▸ **Extracted data**:

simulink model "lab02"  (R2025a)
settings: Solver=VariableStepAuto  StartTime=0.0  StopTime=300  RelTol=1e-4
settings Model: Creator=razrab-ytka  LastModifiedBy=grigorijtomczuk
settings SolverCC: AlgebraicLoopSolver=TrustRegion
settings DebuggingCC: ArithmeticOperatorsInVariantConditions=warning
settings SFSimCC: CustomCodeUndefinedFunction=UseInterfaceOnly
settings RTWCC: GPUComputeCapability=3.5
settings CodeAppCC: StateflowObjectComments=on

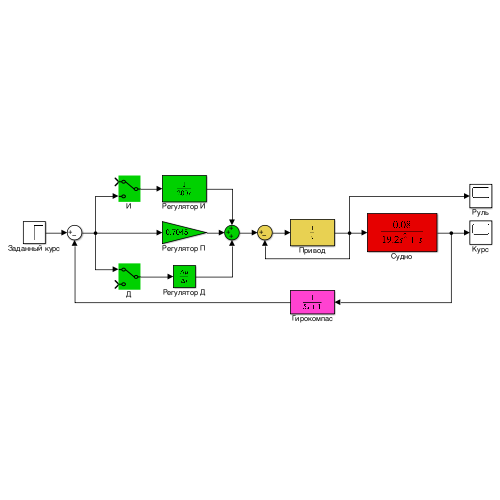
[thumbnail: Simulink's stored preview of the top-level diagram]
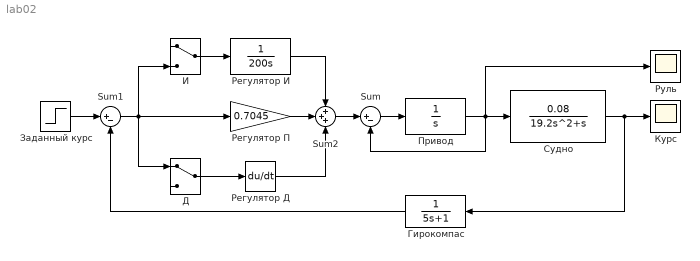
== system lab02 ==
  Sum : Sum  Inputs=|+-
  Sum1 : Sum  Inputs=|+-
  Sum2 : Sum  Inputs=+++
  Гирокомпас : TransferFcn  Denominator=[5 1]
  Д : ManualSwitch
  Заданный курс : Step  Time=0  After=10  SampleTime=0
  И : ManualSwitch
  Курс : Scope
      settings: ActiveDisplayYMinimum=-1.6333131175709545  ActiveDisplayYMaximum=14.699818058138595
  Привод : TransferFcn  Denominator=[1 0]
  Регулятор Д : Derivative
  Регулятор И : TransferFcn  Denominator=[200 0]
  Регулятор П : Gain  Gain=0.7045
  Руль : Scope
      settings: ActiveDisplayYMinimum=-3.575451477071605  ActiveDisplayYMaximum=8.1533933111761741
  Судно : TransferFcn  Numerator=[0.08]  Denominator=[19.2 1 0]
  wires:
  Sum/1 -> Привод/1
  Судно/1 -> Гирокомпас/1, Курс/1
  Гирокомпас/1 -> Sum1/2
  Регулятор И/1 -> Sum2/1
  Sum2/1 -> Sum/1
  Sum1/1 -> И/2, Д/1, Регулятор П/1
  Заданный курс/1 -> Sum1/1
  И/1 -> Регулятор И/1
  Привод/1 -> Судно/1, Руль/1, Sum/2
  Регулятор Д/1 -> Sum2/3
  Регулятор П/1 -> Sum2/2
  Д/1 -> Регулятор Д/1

▸ **What the exercise asks**: Before you print the records, please set aside any pictures and keep everything else exact.

▸ **Response**:
simulink model "lab02"  (R2025a)
settings: Solver=VariableStepAuto  StartTime=0.0  StopTime=300  RelTol=1e-4
settings Model: Creator=razrab-ytka  LastModifiedBy=grigorijtomczuk
settings SolverCC: AlgebraicLoopSolver=TrustRegion
settings DebuggingCC: ArithmeticOperatorsInVariantConditions=warning
settings SFSimCC: CustomCodeUndefinedFunction=UseInterfaceOnly
settings RTWCC: GPUComputeCapability=3.5
settings CodeAppCC: StateflowObjectComments=on

[thumbnail: Simulink's stored preview of the top-level diagram]
== system lab02 ==
  Sum : Sum  Inputs=|+-
  Sum1 : Sum  Inputs=|+-
  Sum2 : Sum  Inputs=+++
  Гирокомпас : TransferFcn  Denominator=[5 1]
  Д : ManualSwitch
  Заданный курс : Step  Time=0  After=10  SampleTime=0
  И : ManualSwitch
  Курс : Scope
      settings: ActiveDisplayYMinimum=-1.6333131175709545  ActiveDisplayYMaximum=14.699818058138595
  Привод : TransferFcn  Denominator=[1 0]
  Регулятор Д : Derivative
  Регулятор И : TransferFcn  Denominator=[200 0]
  Регулятор П : Gain  Gain=0.7045
  Руль : Scope
      settings: ActiveDisplayYMinimum=-3.575451477071605  ActiveDisplayYMaximum=8.1533933111761741
  Судно : TransferFcn  Numerator=[0.08]  Denominator=[19.2 1 0]
  wires:
  Sum/1 -> Привод/1
  Судно/1 -> Гирокомпас/1, Курс/1
  Гирокомпас/1 -> Sum1/2
  Регулятор И/1 -> Sum2/1
  Sum2/1 -> Sum/1
  Sum1/1 -> И/2, Д/1, Регулятор П/1
  Заданный курс/1 -> Sum1/1
  И/1 -> Регулятор И/1
  Привод/1 -> Судно/1, Руль/1, Sum/2
  Регулятор Д/1 -> Sum2/3
  Регулятор П/1 -> Sum2/2
  Д/1 -> Регулятор Д/1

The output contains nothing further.